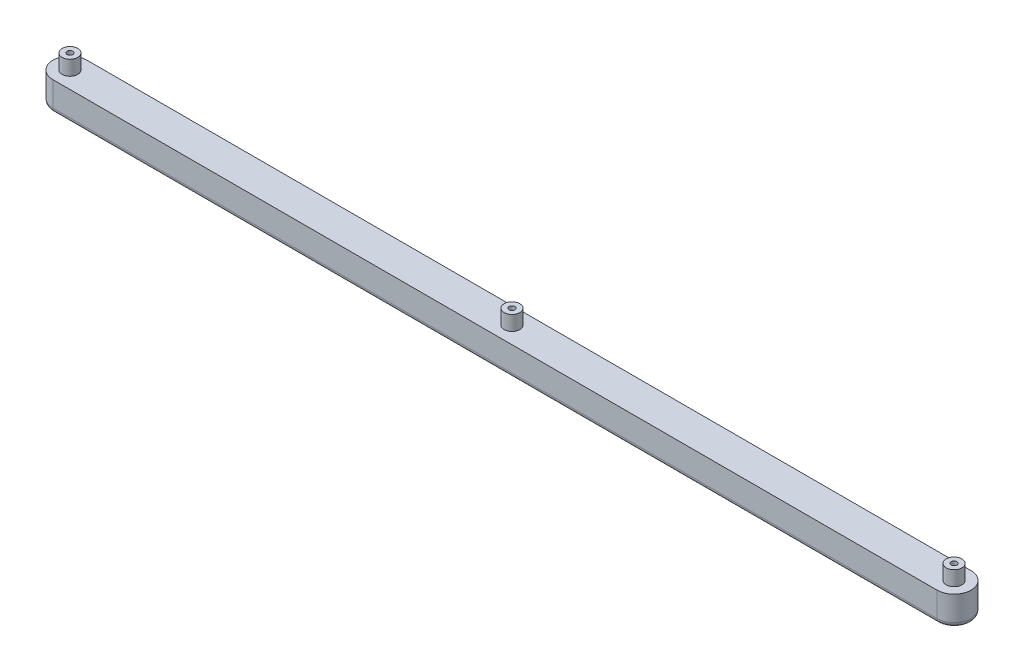
ISO-10303-21;
HEADER;
FILE_DESCRIPTION(('STEP AP214'),'2;1');
FILE_NAME('part.step','',(''),(''),'','','');
FILE_SCHEMA(('AUTOMOTIVE_DESIGN { 1 0 10303 214 1 1 1 1 }'));
ENDSEC;
DATA;
#1=APPLICATION_CONTEXT('core data for automotive mechanical design processes');
#2=APPLICATION_PROTOCOL_DEFINITION('international standard','automotive_design',2000,#1);
#3=PRODUCT_CONTEXT('',#1,'mechanical');
#4=PRODUCT('Part','Part','',(#3));
#5=PRODUCT_RELATED_PRODUCT_CATEGORY('part','',(#4));
#6=PRODUCT_DEFINITION_FORMATION('','',#4);
#7=PRODUCT_DEFINITION_CONTEXT('part definition',#1,'design');
#8=PRODUCT_DEFINITION('design','',#6,#7);
#9=PRODUCT_DEFINITION_SHAPE('','',#8);
#10=(LENGTH_UNIT() NAMED_UNIT(*) SI_UNIT(.MILLI.,.METRE.));
#11=(NAMED_UNIT(*) PLANE_ANGLE_UNIT() SI_UNIT($,.RADIAN.));
#12=(NAMED_UNIT(*) SI_UNIT($,.STERADIAN.) SOLID_ANGLE_UNIT());
#13=UNCERTAINTY_MEASURE_WITH_UNIT(LENGTH_MEASURE(1.E-05),#10,'distance_accuracy_value','');
#14=(GEOMETRIC_REPRESENTATION_CONTEXT(3) GLOBAL_UNCERTAINTY_ASSIGNED_CONTEXT((#13)) GLOBAL_UNIT_ASSIGNED_CONTEXT((#10,
#11,#12)) REPRESENTATION_CONTEXT('',''));
#15=CARTESIAN_POINT('',(0.,0.,0.));
#16=DIRECTION('',(0.,0.,1.));
#17=DIRECTION('',(1.,0.,0.));
#18=AXIS2_PLACEMENT_3D('',#15,#16,#17);
#19=CARTESIAN_POINT('',(-90.,3.,0.));
#20=DIRECTION('',(0.,-1.,0.));
#21=DIRECTION('',(0.,0.,-1.));
#22=AXIS2_PLACEMENT_3D('',#19,#20,#21);
#23=CYLINDRICAL_SURFACE('',#22,3.44999999998838);
#24=DIRECTION('',(0.,-1.,0.));
#25=VECTOR('',#24,1.);
#26=CARTESIAN_POINT('',(-90.,3.,-3.44999999998838));
#27=LINE('',#26,#25);
#28=CARTESIAN_POINT('',(-90.,3.,-3.44999999998838));
#29=VERTEX_POINT('',#28);
#30=CARTESIAN_POINT('',(-90.,-2.,-3.44999999998838));
#31=VERTEX_POINT('',#30);
#32=EDGE_CURVE('E160',#29,#31,#27,.T.);
#33=ORIENTED_EDGE('',*,*,#32,.T.);
#34=CARTESIAN_POINT('',(-90.,-2.,0.));
#35=DIRECTION('',(0.,1.,0.));
#36=DIRECTION('',(0.,0.,1.));
#37=AXIS2_PLACEMENT_3D('',#34,#35,#36);
#38=CIRCLE('',#37,3.44999999998838);
#39=CARTESIAN_POINT('',(-90.,-2.,3.44999999998838));
#40=VERTEX_POINT('',#39);
#41=EDGE_CURVE('E11',#31,#40,#38,.T.);
#42=ORIENTED_EDGE('',*,*,#41,.T.);
#43=DIRECTION('',(0.,-1.,0.));
#44=VECTOR('',#43,1.);
#45=CARTESIAN_POINT('',(-90.,3.,3.44999999998838));
#46=LINE('',#45,#44);
#47=CARTESIAN_POINT('',(-90.,3.,3.44999999998838));
#48=VERTEX_POINT('',#47);
#49=EDGE_CURVE('E100',#48,#40,#46,.T.);
#50=ORIENTED_EDGE('',*,*,#49,.F.);
#51=CARTESIAN_POINT('',(-90.,3.,0.));
#52=DIRECTION('',(0.,1.,0.));
#53=DIRECTION('',(0.,0.,1.));
#54=AXIS2_PLACEMENT_3D('',#51,#52,#53);
#55=CIRCLE('',#54,3.44999999998838);
#56=EDGE_CURVE('E106',#29,#48,#55,.T.);
#57=ORIENTED_EDGE('',*,*,#56,.F.);
#58=EDGE_LOOP('',(#33,#42,#50,#57));
#59=FACE_BOUND('',#58,.T.);
#60=ADVANCED_FACE('F39',(#59),#23,.T.);
#61=CARTESIAN_POINT('',(-90.,3.,3.44999999998838));
#62=DIRECTION('',(0.,0.,-1.));
#63=DIRECTION('',(-1.,0.,0.));
#64=AXIS2_PLACEMENT_3D('',#61,#62,#63);
#65=PLANE('',#64);
#66=ORIENTED_EDGE('',*,*,#49,.T.);
#67=DIRECTION('',(1.,0.,0.));
#68=VECTOR('',#67,1.);
#69=CARTESIAN_POINT('',(-90.,-2.,3.44999999998838));
#70=LINE('',#69,#68);
#71=CARTESIAN_POINT('',(90.,-2.,3.44999999998838));
#72=VERTEX_POINT('',#71);
#73=EDGE_CURVE('E116',#40,#72,#70,.T.);
#74=ORIENTED_EDGE('',*,*,#73,.T.);
#75=DIRECTION('',(0.,-1.,0.));
#76=VECTOR('',#75,1.);
#77=CARTESIAN_POINT('',(90.,3.,3.44999999998838));
#78=LINE('',#77,#76);
#79=CARTESIAN_POINT('',(90.,3.,3.44999999998838));
#80=VERTEX_POINT('',#79);
#81=EDGE_CURVE('E102',#80,#72,#78,.T.);
#82=ORIENTED_EDGE('',*,*,#81,.F.);
#83=DIRECTION('',(1.,0.,0.));
#84=VECTOR('',#83,1.);
#85=CARTESIAN_POINT('',(-90.,3.,3.44999999998838));
#86=LINE('',#85,#84);
#87=EDGE_CURVE('E95',#48,#80,#86,.T.);
#88=ORIENTED_EDGE('',*,*,#87,.F.);
#89=EDGE_LOOP('',(#66,#74,#82,#88));
#90=FACE_BOUND('',#89,.T.);
#91=ADVANCED_FACE('F97',(#90),#65,.F.);
#92=CARTESIAN_POINT('',(90.,3.,0.));
#93=DIRECTION('',(0.,-1.,0.));
#94=DIRECTION('',(0.,0.,-1.));
#95=AXIS2_PLACEMENT_3D('',#92,#93,#94);
#96=CYLINDRICAL_SURFACE('',#95,3.44999999998838);
#97=ORIENTED_EDGE('',*,*,#81,.T.);
#98=CARTESIAN_POINT('',(90.,-2.,0.));
#99=DIRECTION('',(0.,1.,0.));
#100=DIRECTION('',(0.,0.,1.));
#101=AXIS2_PLACEMENT_3D('',#98,#99,#100);
#102=CIRCLE('',#101,3.44999999998838);
#103=CARTESIAN_POINT('',(90.,-2.,-3.44999999998838));
#104=VERTEX_POINT('',#103);
#105=EDGE_CURVE('E63',#72,#104,#102,.T.);
#106=ORIENTED_EDGE('',*,*,#105,.T.);
#107=DIRECTION('',(0.,-1.,0.));
#108=VECTOR('',#107,1.);
#109=CARTESIAN_POINT('',(90.,3.,-3.44999999998838));
#110=LINE('',#109,#108);
#111=CARTESIAN_POINT('',(90.,3.,-3.44999999998838));
#112=VERTEX_POINT('',#111);
#113=EDGE_CURVE('E120',#112,#104,#110,.T.);
#114=ORIENTED_EDGE('',*,*,#113,.F.);
#115=CARTESIAN_POINT('',(90.,3.,0.));
#116=DIRECTION('',(0.,1.,0.));
#117=DIRECTION('',(0.,0.,1.));
#118=AXIS2_PLACEMENT_3D('',#115,#116,#117);
#119=CIRCLE('',#118,3.44999999998838);
#120=EDGE_CURVE('E105',#80,#112,#119,.T.);
#121=ORIENTED_EDGE('',*,*,#120,.F.);
#122=EDGE_LOOP('',(#97,#106,#114,#121));
#123=FACE_BOUND('',#122,.T.);
#124=ADVANCED_FACE('F170',(#123),#96,.T.);
#125=CARTESIAN_POINT('',(-90.,3.,-3.44999999998838));
#126=DIRECTION('',(0.,0.,1.));
#127=DIRECTION('',(1.,0.,0.));
#128=AXIS2_PLACEMENT_3D('',#125,#126,#127);
#129=PLANE('',#128);
#130=ORIENTED_EDGE('',*,*,#113,.T.);
#131=DIRECTION('',(-1.,0.,0.));
#132=VECTOR('',#131,1.);
#133=CARTESIAN_POINT('',(-90.,-2.,-3.44999999998838));
#134=LINE('',#133,#132);
#135=EDGE_CURVE('E48',#104,#31,#134,.T.);
#136=ORIENTED_EDGE('',*,*,#135,.T.);
#137=ORIENTED_EDGE('',*,*,#32,.F.);
#138=DIRECTION('',(-1.,0.,0.));
#139=VECTOR('',#138,1.);
#140=CARTESIAN_POINT('',(-90.,3.,-3.44999999998838));
#141=LINE('',#140,#139);
#142=EDGE_CURVE('E111',#112,#29,#141,.T.);
#143=ORIENTED_EDGE('',*,*,#142,.F.);
#144=EDGE_LOOP('',(#130,#136,#137,#143));
#145=FACE_BOUND('',#144,.T.);
#146=ADVANCED_FACE('F161',(#145),#129,.F.);
#147=CARTESIAN_POINT('',(-90.,3.,0.));
#148=DIRECTION('',(0.,1.,0.));
#149=DIRECTION('',(0.,0.,1.));
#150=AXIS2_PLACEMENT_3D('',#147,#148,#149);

****

• ACTIVITY
Starting at the line with "#93=DIRECTION('',(0.,-1.,0.));" and ending at the line with "#102=CIRCLE('',#101,3.44999999998838);", print each line of the listing above exactly, with no other lines.

• TASK ANSWER
#93=DIRECTION('',(0.,-1.,0.));
#94=DIRECTION('',(0.,0.,-1.));
#95=AXIS2_PLACEMENT_3D('',#92,#93,#94);
#96=CYLINDRICAL_SURFACE('',#95,3.44999999998838);
#97=ORIENTED_EDGE('',*,*,#81,.T.);
#98=CARTESIAN_POINT('',(90.,-2.,0.));
#99=DIRECTION('',(0.,1.,0.));
#100=DIRECTION('',(0.,0.,1.));
#101=AXIS2_PLACEMENT_3D('',#98,#99,#100);
#102=CIRCLE('',#101,3.44999999998838);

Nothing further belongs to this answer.